Avec l’orgueil d’en avoir fini avec les supplices ou les boulets  ferrés aux chevilles des bagnards, on s’est vite contenté d’un monde cellulaire dans lequel les punis auraient tout le loisir (car rien d’autre à faire) de repenser à leurs crimes. On les enferme, ça se remarque à peine, ils disparaissent un (long) moment. Certains disent les avoir vus un bref instant surgir au parloir, mais c’est à condition de ne pas être soi-même arrivé une seconde en retard. Heureusement que pendant tout ce temps perdu sous une mauvaise ampoule, ils réfléchissent sévère à leurs méfaits ! La prison se fait discrète, ressemble de plus en plus à un campus soviétique, même plus le goût des vieilles pierres, et quand on rentre dedans et qu’on s’exclame : “quel cauchemar !”, on vous entend à peine car vous êtes loin de la ville, loin de la vie.
Revenons-en donc aux bases : le corps. La chair derrière le fer. Le corps qui a des droits
Quels sont les droits du prisonnier vis-à-vis de de l’espace où on l’enferme ? Comment repenser l’espace carcéral comme étant celui “qui fait peine” au corps ? 
“L’espace de détention” est le lieu et la finalité même de la peine qui demeure avant tout une séparation imposée vis-à-vis d’un extérieur. Il est donc stupéfiant de voir l’arbitraire dont dépend l’organisation et la nature de cet espace qui se trouve “surpeuplé“, “insalubre“, “high-tech” ou “déshumanisé” à la faveur d’un budget plus ou moins serré, sans que cela ne procède d’aucune décision légale.

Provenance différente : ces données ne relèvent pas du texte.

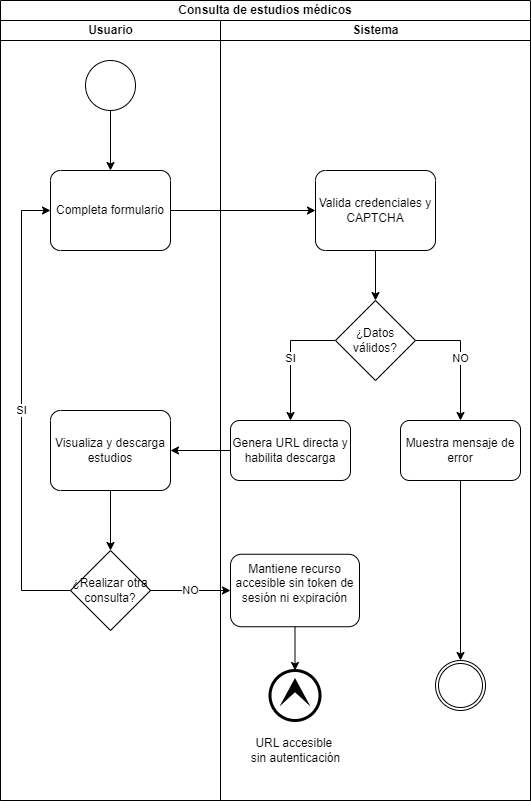

The diagram above was exported from draw.io. Its source (the exported page's mxGraphModel, read from the mxfile embedded in the PNG):
<mxGraphModel dx="880" dy="524" grid="1" gridSize="10" guides="1" tooltips="1" connect="1" arrows="1" fold="1" page="1" pageScale="1" pageWidth="827" pageHeight="1169" math="0" shadow="0">
  <root>
    <mxCell id="0" />
    <mxCell id="1" parent="0" />
    <mxCell id="LXqMa14L-wBeWQvOYoL5-7" value="Consulta de estudios&amp;nbsp;médicos" style="swimlane;html=1;childLayout=stackLayout;resizeParent=1;resizeParentMax=0;startSize=20;whiteSpace=wrap;" vertex="1" parent="1">
      <mxGeometry x="239" y="20" width="530" height="800" as="geometry" />
    </mxCell>
    <mxCell id="LXqMa14L-wBeWQvOYoL5-8" value="Usuario" style="swimlane;html=1;startSize=20;" vertex="1" parent="LXqMa14L-wBeWQvOYoL5-7">
      <mxGeometry y="20" width="220" height="780" as="geometry" />
    </mxCell>
    <mxCell id="LXqMa14L-wBeWQvOYoL5-32" value="" style="points=[[0.145,0.145,0],[0.5,0,0],[0.855,0.145,0],[1,0.5,0],[0.855,0.855,0],[0.5,1,0],[0.145,0.855,0],[0,0.5,0]];shape=mxgraph.bpmn.event;html=1;verticalLabelPosition=bottom;labelBackgroundColor=#ffffff;verticalAlign=top;align=center;perimeter=ellipsePerimeter;outlineConnect=0;aspect=fixed;outline=standard;symbol=general;" vertex="1" parent="LXqMa14L-wBeWQvOYoL5-8">
      <mxGeometry x="85" y="40" width="50" height="50" as="geometry" />
    </mxCell>
    <mxCell id="LXqMa14L-wBeWQvOYoL5-35" value="Completa formulario" style="points=[[0.25,0,0],[0.5,0,0],[0.75,0,0],[1,0.25,0],[1,0.5,0],[1,0.75,0],[0.75,1,0],[0.5,1,0],[0.25,1,0],[0,0.75,0],[0,0.5,0],[0,0.25,0]];shape=mxgraph.bpmn.task;whiteSpace=wrap;rectStyle=rounded;size=10;html=1;container=1;expand=0;collapsible=0;taskMarker=abstract;" vertex="1" parent="LXqMa14L-wBeWQvOYoL5-8">
      <mxGeometry x="50" y="150" width="120" height="80" as="geometry" />
    </mxCell>
    <mxCell id="LXqMa14L-wBeWQvOYoL5-36" style="edgeStyle=orthogonalEdgeStyle;rounded=0;orthogonalLoop=1;jettySize=auto;html=1;entryX=0.5;entryY=0;entryDx=0;entryDy=0;entryPerimeter=0;" edge="1" parent="LXqMa14L-wBeWQvOYoL5-8" source="LXqMa14L-wBeWQvOYoL5-32" target="LXqMa14L-wBeWQvOYoL5-35">
      <mxGeometry relative="1" as="geometry" />
    </mxCell>
    <mxCell id="LXqMa14L-wBeWQvOYoL5-40" value="" style="edgeStyle=orthogonalEdgeStyle;rounded=0;orthogonalLoop=1;jettySize=auto;html=1;" edge="1" parent="LXqMa14L-wBeWQvOYoL5-8" source="LXqMa14L-wBeWQvOYoL5-37" target="LXqMa14L-wBeWQvOYoL5-39">
      <mxGeometry relative="1" as="geometry" />
    </mxCell>
    <mxCell id="LXqMa14L-wBeWQvOYoL5-37" value="Visualiza y descarga estudios" style="points=[[0.25,0,0],[0.5,0,0],[0.75,0,0],[1,0.25,0],[1,0.5,0],[1,0.75,0],[0.75,1,0],[0.5,1,0],[0.25,1,0],[0,0.75,0],[0,0.5,0],[0,0.25,0]];shape=mxgraph.bpmn.task;whiteSpace=wrap;rectStyle=rounded;size=10;html=1;container=1;expand=0;collapsible=0;taskMarker=abstract;" vertex="1" parent="LXqMa14L-wBeWQvOYoL5-8">
      <mxGeometry x="50" y="390" width="120" height="80" as="geometry" />
    </mxCell>
    <mxCell id="LXqMa14L-wBeWQvOYoL5-39" value="¿Realizar otra consulta?" style="rhombus;whiteSpace=wrap;html=1;" vertex="1" parent="LXqMa14L-wBeWQvOYoL5-8">
      <mxGeometry x="70" y="530" width="80" height="80" as="geometry" />
    </mxCell>
    <mxCell id="LXqMa14L-wBeWQvOYoL5-51" value="SI" style="edgeStyle=orthogonalEdgeStyle;rounded=0;orthogonalLoop=1;jettySize=auto;html=1;entryX=0;entryY=0.5;entryDx=0;entryDy=0;entryPerimeter=0;" edge="1" parent="LXqMa14L-wBeWQvOYoL5-8" source="LXqMa14L-wBeWQvOYoL5-39" target="LXqMa14L-wBeWQvOYoL5-35">
      <mxGeometry relative="1" as="geometry">
        <Array as="points">
          <mxPoint x="21" y="570" />
          <mxPoint x="21" y="190" />
        </Array>
      </mxGeometry>
    </mxCell>
    <mxCell id="LXqMa14L-wBeWQvOYoL5-42" style="edgeStyle=orthogonalEdgeStyle;rounded=0;orthogonalLoop=1;jettySize=auto;html=1;entryX=0;entryY=0.5;entryDx=0;entryDy=0;entryPerimeter=0;" edge="1" parent="LXqMa14L-wBeWQvOYoL5-7" source="LXqMa14L-wBeWQvOYoL5-35" target="LXqMa14L-wBeWQvOYoL5-41">
      <mxGeometry relative="1" as="geometry" />
    </mxCell>
    <mxCell id="LXqMa14L-wBeWQvOYoL5-58" value="NO" style="edgeStyle=orthogonalEdgeStyle;rounded=0;orthogonalLoop=1;jettySize=auto;html=1;entryX=0;entryY=0.5;entryDx=0;entryDy=0;" edge="1" parent="LXqMa14L-wBeWQvOYoL5-7" source="LXqMa14L-wBeWQvOYoL5-39" target="LXqMa14L-wBeWQvOYoL5-52">
      <mxGeometry relative="1" as="geometry" />
    </mxCell>
    <mxCell id="LXqMa14L-wBeWQvOYoL5-59" style="edgeStyle=orthogonalEdgeStyle;rounded=0;orthogonalLoop=1;jettySize=auto;html=1;entryX=1;entryY=0.5;entryDx=0;entryDy=0;entryPerimeter=0;" edge="1" parent="LXqMa14L-wBeWQvOYoL5-7" source="LXqMa14L-wBeWQvOYoL5-48" target="LXqMa14L-wBeWQvOYoL5-37">
      <mxGeometry relative="1" as="geometry" />
    </mxCell>
    <mxCell id="LXqMa14L-wBeWQvOYoL5-9" value="Sistema" style="swimlane;html=1;startSize=20;" vertex="1" parent="LXqMa14L-wBeWQvOYoL5-7">
      <mxGeometry x="220" y="20" width="310" height="780" as="geometry" />
    </mxCell>
    <mxCell id="LXqMa14L-wBeWQvOYoL5-44" value="" style="edgeStyle=orthogonalEdgeStyle;rounded=0;orthogonalLoop=1;jettySize=auto;html=1;" edge="1" parent="LXqMa14L-wBeWQvOYoL5-9" source="LXqMa14L-wBeWQvOYoL5-41" target="LXqMa14L-wBeWQvOYoL5-43">
      <mxGeometry relative="1" as="geometry" />
    </mxCell>
    <mxCell id="LXqMa14L-wBeWQvOYoL5-41" value="Valida credenciales y CAPTCHA" style="points=[[0.25,0,0],[0.5,0,0],[0.75,0,0],[1,0.25,0],[1,0.5,0],[1,0.75,0],[0.75,1,0],[0.5,1,0],[0.25,1,0],[0,0.75,0],[0,0.5,0],[0,0.25,0]];shape=mxgraph.bpmn.task;whiteSpace=wrap;rectStyle=rounded;size=10;html=1;container=1;expand=0;collapsible=0;taskMarker=abstract;" vertex="1" parent="LXqMa14L-wBeWQvOYoL5-9">
      <mxGeometry x="95" y="150" width="120" height="80" as="geometry" />
    </mxCell>
    <mxCell id="LXqMa14L-wBeWQvOYoL5-47" value="NO" style="edgeStyle=orthogonalEdgeStyle;rounded=0;orthogonalLoop=1;jettySize=auto;html=1;exitX=1;exitY=0.5;exitDx=0;exitDy=0;" edge="1" parent="LXqMa14L-wBeWQvOYoL5-9" source="LXqMa14L-wBeWQvOYoL5-43" target="LXqMa14L-wBeWQvOYoL5-46">
      <mxGeometry relative="1" as="geometry" />
    </mxCell>
    <mxCell id="LXqMa14L-wBeWQvOYoL5-49" value="SI" style="edgeStyle=orthogonalEdgeStyle;rounded=0;orthogonalLoop=1;jettySize=auto;html=1;exitX=0;exitY=0.5;exitDx=0;exitDy=0;" edge="1" parent="LXqMa14L-wBeWQvOYoL5-9" source="LXqMa14L-wBeWQvOYoL5-43" target="LXqMa14L-wBeWQvOYoL5-48">
      <mxGeometry relative="1" as="geometry" />
    </mxCell>
    <mxCell id="LXqMa14L-wBeWQvOYoL5-43" value="¿Datos válidos?" style="rhombus;whiteSpace=wrap;html=1;" vertex="1" parent="LXqMa14L-wBeWQvOYoL5-9">
      <mxGeometry x="115" y="280" width="80" height="80" as="geometry" />
    </mxCell>
    <mxCell id="LXqMa14L-wBeWQvOYoL5-62" style="edgeStyle=orthogonalEdgeStyle;rounded=0;orthogonalLoop=1;jettySize=auto;html=1;" edge="1" parent="LXqMa14L-wBeWQvOYoL5-9" source="LXqMa14L-wBeWQvOYoL5-46" target="LXqMa14L-wBeWQvOYoL5-56">
      <mxGeometry relative="1" as="geometry" />
    </mxCell>
    <mxCell id="LXqMa14L-wBeWQvOYoL5-46" value="Muestra mensaje de error" style="whiteSpace=wrap;html=1;rounded=1;" vertex="1" parent="LXqMa14L-wBeWQvOYoL5-9">
      <mxGeometry x="180" y="400" width="120" height="60" as="geometry" />
    </mxCell>
    <mxCell id="LXqMa14L-wBeWQvOYoL5-48" value="Genera URL directa y habilita descarga" style="whiteSpace=wrap;html=1;gradientColor=none;rounded=1;" vertex="1" parent="LXqMa14L-wBeWQvOYoL5-9">
      <mxGeometry x="10" y="400" width="120" height="60" as="geometry" />
    </mxCell>
    <mxCell id="LXqMa14L-wBeWQvOYoL5-52" value="&#10;Mantiene recurso accesible sin token de sesión ni expiración&#10;&#10;" style="whiteSpace=wrap;html=1;gradientColor=default;fillColor=none;rounded=1;" vertex="1" parent="LXqMa14L-wBeWQvOYoL5-9">
      <mxGeometry x="10" y="533.75" width="129" height="72.5" as="geometry" />
    </mxCell>
    <mxCell id="LXqMa14L-wBeWQvOYoL5-54" value="" style="points=[[0.145,0.145,0],[0.5,0,0],[0.855,0.145,0],[1,0.5,0],[0.855,0.855,0],[0.5,1,0],[0.145,0.855,0],[0,0.5,0]];shape=mxgraph.bpmn.event;html=1;verticalLabelPosition=bottom;labelBackgroundColor=#ffffff;verticalAlign=top;align=center;perimeter=ellipsePerimeter;outlineConnect=0;aspect=fixed;outline=end;symbol=escalation;" vertex="1" parent="LXqMa14L-wBeWQvOYoL5-9">
      <mxGeometry x="49.5" y="650" width="50" height="50" as="geometry" />
    </mxCell>
    <mxCell id="LXqMa14L-wBeWQvOYoL5-56" value="" style="points=[[0.145,0.145,0],[0.5,0,0],[0.855,0.145,0],[1,0.5,0],[0.855,0.855,0],[0.5,1,0],[0.145,0.855,0],[0,0.5,0]];shape=mxgraph.bpmn.event;html=1;verticalLabelPosition=bottom;labelBackgroundColor=#ffffff;verticalAlign=top;align=center;perimeter=ellipsePerimeter;outlineConnect=0;aspect=fixed;outline=throwing;symbol=general;" vertex="1" parent="LXqMa14L-wBeWQvOYoL5-9">
      <mxGeometry x="215" y="640" width="50" height="50" as="geometry" />
    </mxCell>
    <mxCell id="LXqMa14L-wBeWQvOYoL5-60" style="edgeStyle=orthogonalEdgeStyle;rounded=0;orthogonalLoop=1;jettySize=auto;html=1;entryX=0.5;entryY=0;entryDx=0;entryDy=0;entryPerimeter=0;" edge="1" parent="LXqMa14L-wBeWQvOYoL5-9" source="LXqMa14L-wBeWQvOYoL5-52" target="LXqMa14L-wBeWQvOYoL5-54">
      <mxGeometry relative="1" as="geometry" />
    </mxCell>
    <mxCell id="LXqMa14L-wBeWQvOYoL5-61" value="URL accesible&amp;nbsp;&lt;div&gt;sin autenticación&lt;/div&gt;" style="text;html=1;align=center;verticalAlign=middle;resizable=0;points=[];autosize=1;strokeColor=none;fillColor=none;" vertex="1" parent="LXqMa14L-wBeWQvOYoL5-9">
      <mxGeometry x="19.5" y="710" width="110" height="40" as="geometry" />
    </mxCell>
  </root>
</mxGraphModel>

Chaque élément de cet espace est pourtant responsable d’un impact sur le corps et la vie du prisonnier. C’est d’ailleurs pour ça qu’on l’envoie dans ce lieu là, pas vrai ?
La sanction envoie en prison, la peine est de devoir y vivre. Mais qu’est ce que c’est de vivre quelque part au juste ? S’installer, s’approprier, s’habituer. Mais en prison, c’est compliqué. Les prisonniers sont la plupart du temps exclus de l’espace même où on les enferme : sans intimité, sans personnalité, sans refuge, sans “lieux de vie” ni de travail.  Rien est à eux ni pour eux mais les condamnés doivent rester là. La prison se fait non-lieu. Les prisonniers de ce système subissent une peine de l’invisible : celle de vivre “nulle part”, dans un espace absent qui ne se révèle que dans la contrainte faite au corps. Comme un fantôme. De quoi rendre fou.
Il est hypocrite de nier que c’est avant tout au corps que parle la peine. Au corps situé que l’on oblige au pouvoir d’un lieu sans tête. C’est pourquoi le Génepi (Groupement Etudiant National d’Enseignement aux Personnes Incarcérées) a raison de partir de là, de cette dialectique fondamentale entre corps et espace pour appuyer son argumentaire en faveur d’une réforme de fond du système pénitencier. Les droits du détenu à l’activité physique, à l’intimité, à la sexualité, à la propriété mais aussi au suicide nécessitent une prise en compte spécifique du corps, centrale dans la législation et la définition de “l’espace de détention”. Le non-droit s’exerce dans le non-lieu. Il faut réglementer et en cela faire exister l’espace de détention dans la loi pour qu’il ne soit plus de “non-droit” pour ceux qui doivent y vivre.